----- DATASET CONTENT
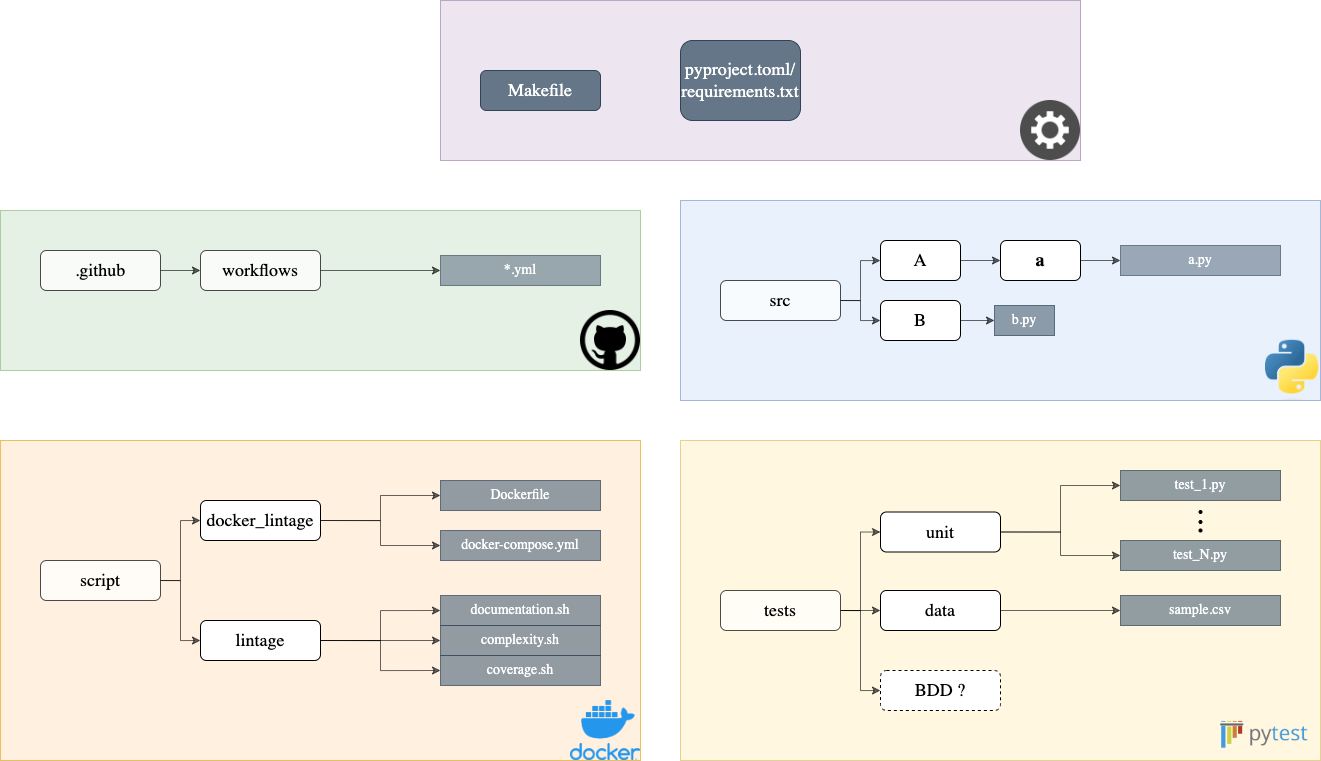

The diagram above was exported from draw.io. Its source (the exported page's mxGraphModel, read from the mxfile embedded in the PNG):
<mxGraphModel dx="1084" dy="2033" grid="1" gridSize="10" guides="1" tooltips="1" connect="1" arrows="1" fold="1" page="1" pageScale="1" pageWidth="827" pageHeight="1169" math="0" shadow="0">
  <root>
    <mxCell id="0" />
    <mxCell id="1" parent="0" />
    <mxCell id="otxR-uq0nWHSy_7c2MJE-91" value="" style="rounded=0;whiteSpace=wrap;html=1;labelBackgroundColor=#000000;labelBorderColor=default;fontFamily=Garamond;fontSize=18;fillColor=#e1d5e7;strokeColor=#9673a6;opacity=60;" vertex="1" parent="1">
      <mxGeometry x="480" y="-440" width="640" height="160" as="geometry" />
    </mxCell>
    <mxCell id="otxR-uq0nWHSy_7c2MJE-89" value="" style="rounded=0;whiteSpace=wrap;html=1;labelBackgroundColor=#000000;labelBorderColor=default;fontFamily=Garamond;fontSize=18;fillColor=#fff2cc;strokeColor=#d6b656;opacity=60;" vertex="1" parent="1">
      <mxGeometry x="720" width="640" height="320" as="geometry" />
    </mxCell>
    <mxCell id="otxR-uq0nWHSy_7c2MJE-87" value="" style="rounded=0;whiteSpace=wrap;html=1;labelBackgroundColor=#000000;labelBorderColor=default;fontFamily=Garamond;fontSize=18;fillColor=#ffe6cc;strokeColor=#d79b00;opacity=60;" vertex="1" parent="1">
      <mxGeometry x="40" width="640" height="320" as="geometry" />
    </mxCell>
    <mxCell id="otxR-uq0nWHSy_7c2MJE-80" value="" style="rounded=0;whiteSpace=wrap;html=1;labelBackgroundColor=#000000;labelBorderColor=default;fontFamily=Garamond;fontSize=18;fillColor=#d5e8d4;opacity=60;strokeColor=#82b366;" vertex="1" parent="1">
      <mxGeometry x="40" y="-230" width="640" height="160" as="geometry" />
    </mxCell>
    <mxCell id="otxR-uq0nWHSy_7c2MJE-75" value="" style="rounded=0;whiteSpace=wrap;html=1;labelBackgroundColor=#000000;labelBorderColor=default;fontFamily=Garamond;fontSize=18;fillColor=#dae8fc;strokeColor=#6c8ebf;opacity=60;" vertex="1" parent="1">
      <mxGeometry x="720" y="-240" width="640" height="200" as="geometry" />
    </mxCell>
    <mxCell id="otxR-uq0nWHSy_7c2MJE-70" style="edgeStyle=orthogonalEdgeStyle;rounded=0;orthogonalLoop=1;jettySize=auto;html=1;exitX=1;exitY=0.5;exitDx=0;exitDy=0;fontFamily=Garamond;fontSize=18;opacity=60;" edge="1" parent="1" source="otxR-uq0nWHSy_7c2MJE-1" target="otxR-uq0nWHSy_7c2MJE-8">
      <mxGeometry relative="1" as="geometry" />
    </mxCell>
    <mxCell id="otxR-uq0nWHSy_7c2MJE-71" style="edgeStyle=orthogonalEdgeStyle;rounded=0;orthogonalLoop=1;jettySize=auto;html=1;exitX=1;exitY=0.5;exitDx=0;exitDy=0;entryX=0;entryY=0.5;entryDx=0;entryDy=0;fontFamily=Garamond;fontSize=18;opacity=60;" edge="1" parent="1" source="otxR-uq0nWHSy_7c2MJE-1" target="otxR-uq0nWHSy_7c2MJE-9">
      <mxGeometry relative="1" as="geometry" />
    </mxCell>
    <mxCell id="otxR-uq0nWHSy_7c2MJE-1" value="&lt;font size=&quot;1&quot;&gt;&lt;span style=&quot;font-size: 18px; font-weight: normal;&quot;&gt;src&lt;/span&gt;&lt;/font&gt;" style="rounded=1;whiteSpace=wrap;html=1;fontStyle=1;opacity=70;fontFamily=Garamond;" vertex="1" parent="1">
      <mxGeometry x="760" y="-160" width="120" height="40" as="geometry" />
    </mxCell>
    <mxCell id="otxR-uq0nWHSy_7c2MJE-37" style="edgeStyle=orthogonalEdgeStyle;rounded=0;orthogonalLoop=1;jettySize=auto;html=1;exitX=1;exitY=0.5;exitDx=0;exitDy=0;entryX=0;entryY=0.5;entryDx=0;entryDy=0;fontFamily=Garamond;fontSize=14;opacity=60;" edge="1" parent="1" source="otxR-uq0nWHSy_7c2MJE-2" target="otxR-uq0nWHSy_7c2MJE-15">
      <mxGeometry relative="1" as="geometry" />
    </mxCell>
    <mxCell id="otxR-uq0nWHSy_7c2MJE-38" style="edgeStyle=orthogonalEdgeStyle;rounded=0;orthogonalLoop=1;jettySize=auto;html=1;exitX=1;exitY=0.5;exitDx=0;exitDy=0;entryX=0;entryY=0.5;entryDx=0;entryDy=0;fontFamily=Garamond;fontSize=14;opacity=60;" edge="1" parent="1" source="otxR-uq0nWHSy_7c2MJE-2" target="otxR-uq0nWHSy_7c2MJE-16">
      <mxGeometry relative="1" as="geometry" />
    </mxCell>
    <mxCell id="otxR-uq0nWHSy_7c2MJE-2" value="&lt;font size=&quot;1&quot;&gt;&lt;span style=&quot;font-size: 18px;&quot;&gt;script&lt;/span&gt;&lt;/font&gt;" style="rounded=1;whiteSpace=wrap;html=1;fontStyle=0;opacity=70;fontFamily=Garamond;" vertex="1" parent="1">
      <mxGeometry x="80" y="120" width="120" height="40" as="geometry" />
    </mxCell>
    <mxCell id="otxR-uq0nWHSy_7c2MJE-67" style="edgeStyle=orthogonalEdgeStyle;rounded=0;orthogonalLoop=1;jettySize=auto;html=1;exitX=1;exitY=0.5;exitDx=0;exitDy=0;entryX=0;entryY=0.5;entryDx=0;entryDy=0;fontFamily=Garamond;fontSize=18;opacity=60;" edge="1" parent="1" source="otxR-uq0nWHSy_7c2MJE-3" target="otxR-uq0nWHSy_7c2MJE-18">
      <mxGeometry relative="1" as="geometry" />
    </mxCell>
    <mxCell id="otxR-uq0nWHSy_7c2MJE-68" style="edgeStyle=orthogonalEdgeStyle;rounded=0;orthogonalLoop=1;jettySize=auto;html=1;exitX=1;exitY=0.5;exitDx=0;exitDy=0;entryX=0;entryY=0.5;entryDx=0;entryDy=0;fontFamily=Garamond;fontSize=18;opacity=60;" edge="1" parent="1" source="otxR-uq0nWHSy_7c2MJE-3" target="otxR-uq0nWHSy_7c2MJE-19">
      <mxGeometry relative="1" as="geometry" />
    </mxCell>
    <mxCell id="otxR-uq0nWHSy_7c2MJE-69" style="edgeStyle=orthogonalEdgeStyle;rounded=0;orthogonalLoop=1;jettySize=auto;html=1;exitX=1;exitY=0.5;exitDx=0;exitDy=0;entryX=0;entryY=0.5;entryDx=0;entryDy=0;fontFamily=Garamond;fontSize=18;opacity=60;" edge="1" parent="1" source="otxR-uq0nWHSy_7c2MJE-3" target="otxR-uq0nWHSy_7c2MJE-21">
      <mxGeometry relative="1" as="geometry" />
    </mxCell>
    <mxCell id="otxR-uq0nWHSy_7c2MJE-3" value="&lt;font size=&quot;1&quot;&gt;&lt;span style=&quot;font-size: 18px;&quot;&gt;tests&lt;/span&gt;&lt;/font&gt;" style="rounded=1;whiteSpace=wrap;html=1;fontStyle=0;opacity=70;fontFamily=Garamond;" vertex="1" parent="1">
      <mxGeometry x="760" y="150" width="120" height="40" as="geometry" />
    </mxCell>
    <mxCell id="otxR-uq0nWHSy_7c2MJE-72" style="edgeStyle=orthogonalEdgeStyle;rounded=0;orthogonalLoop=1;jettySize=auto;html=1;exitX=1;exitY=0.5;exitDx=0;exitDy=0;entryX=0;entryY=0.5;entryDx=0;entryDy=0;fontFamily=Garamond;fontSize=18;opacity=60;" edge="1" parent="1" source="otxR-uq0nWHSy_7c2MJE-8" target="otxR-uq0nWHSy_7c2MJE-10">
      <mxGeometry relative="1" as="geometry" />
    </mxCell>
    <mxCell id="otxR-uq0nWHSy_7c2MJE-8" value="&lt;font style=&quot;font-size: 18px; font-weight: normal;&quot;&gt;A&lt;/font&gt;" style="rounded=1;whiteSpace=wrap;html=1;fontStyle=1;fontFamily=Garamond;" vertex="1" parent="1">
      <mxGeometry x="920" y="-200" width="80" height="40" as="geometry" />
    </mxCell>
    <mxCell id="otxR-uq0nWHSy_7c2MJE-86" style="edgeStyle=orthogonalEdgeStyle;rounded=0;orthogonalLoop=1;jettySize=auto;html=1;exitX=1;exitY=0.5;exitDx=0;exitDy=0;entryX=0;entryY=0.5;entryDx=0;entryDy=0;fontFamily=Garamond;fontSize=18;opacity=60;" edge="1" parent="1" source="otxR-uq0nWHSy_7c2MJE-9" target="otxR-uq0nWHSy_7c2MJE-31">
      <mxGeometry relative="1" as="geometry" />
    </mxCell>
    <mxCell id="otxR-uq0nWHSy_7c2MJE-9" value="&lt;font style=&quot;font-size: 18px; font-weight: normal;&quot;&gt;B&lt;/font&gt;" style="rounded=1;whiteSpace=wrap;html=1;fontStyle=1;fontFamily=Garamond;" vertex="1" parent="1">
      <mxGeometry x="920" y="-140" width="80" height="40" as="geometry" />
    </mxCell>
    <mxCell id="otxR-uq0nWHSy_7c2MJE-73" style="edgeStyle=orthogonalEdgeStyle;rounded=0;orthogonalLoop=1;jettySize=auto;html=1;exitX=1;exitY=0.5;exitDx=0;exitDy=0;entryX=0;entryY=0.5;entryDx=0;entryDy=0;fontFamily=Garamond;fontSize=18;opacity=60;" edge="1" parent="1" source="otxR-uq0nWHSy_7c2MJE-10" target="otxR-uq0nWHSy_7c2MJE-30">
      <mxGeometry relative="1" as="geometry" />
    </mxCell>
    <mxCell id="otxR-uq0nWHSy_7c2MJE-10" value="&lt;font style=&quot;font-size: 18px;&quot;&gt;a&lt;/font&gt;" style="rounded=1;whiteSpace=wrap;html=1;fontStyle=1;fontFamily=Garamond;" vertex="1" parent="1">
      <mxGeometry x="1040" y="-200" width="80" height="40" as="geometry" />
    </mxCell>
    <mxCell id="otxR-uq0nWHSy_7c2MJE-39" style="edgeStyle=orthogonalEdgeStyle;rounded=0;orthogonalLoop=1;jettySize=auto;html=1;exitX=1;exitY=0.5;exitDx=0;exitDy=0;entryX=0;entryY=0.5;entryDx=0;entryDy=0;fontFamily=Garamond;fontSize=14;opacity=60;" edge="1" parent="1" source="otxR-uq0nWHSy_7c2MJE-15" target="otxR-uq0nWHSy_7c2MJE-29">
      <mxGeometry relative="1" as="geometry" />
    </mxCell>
----------
> **YOUR ASSIGNMENT**
For each line of the material that contains the word "default", make a copy.

> **RESULT FOR THIS EXERCISE**
    <mxCell id="otxR-uq0nWHSy_7c2MJE-91" value="" style="rounded=0;whiteSpace=wrap;html=1;labelBackgroundColor=#000000;labelBorderColor=default;fontFamily=Garamond;fontSize=18;fillColor=#e1d5e7;strokeColor=#9673a6;opacity=60;" vertex="1" parent="1">
    <mxCell id="otxR-uq0nWHSy_7c2MJE-89" value="" style="rounded=0;whiteSpace=wrap;html=1;labelBackgroundColor=#000000;labelBorderColor=default;fontFamily=Garamond;fontSize=18;fillColor=#fff2cc;strokeColor=#d6b656;opacity=60;" vertex="1" parent="1">
    <mxCell id="otxR-uq0nWHSy_7c2MJE-87" value="" style="rounded=0;whiteSpace=wrap;html=1;labelBackgroundColor=#000000;labelBorderColor=default;fontFamily=Garamond;fontSize=18;fillColor=#ffe6cc;strokeColor=#d79b00;opacity=60;" vertex="1" parent="1">
    <mxCell id="otxR-uq0nWHSy_7c2MJE-80" value="" style="rounded=0;whiteSpace=wrap;html=1;labelBackgroundColor=#000000;labelBorderColor=default;fontFamily=Garamond;fontSize=18;fillColor=#d5e8d4;opacity=60;strokeColor=#82b366;" vertex="1" parent="1">
    <mxCell id="otxR-uq0nWHSy_7c2MJE-75" value="" style="rounded=0;whiteSpace=wrap;html=1;labelBackgroundColor=#000000;labelBorderColor=default;fontFamily=Garamond;fontSize=18;fillColor=#dae8fc;strokeColor=#6c8ebf;opacity=60;" vertex="1" parent="1">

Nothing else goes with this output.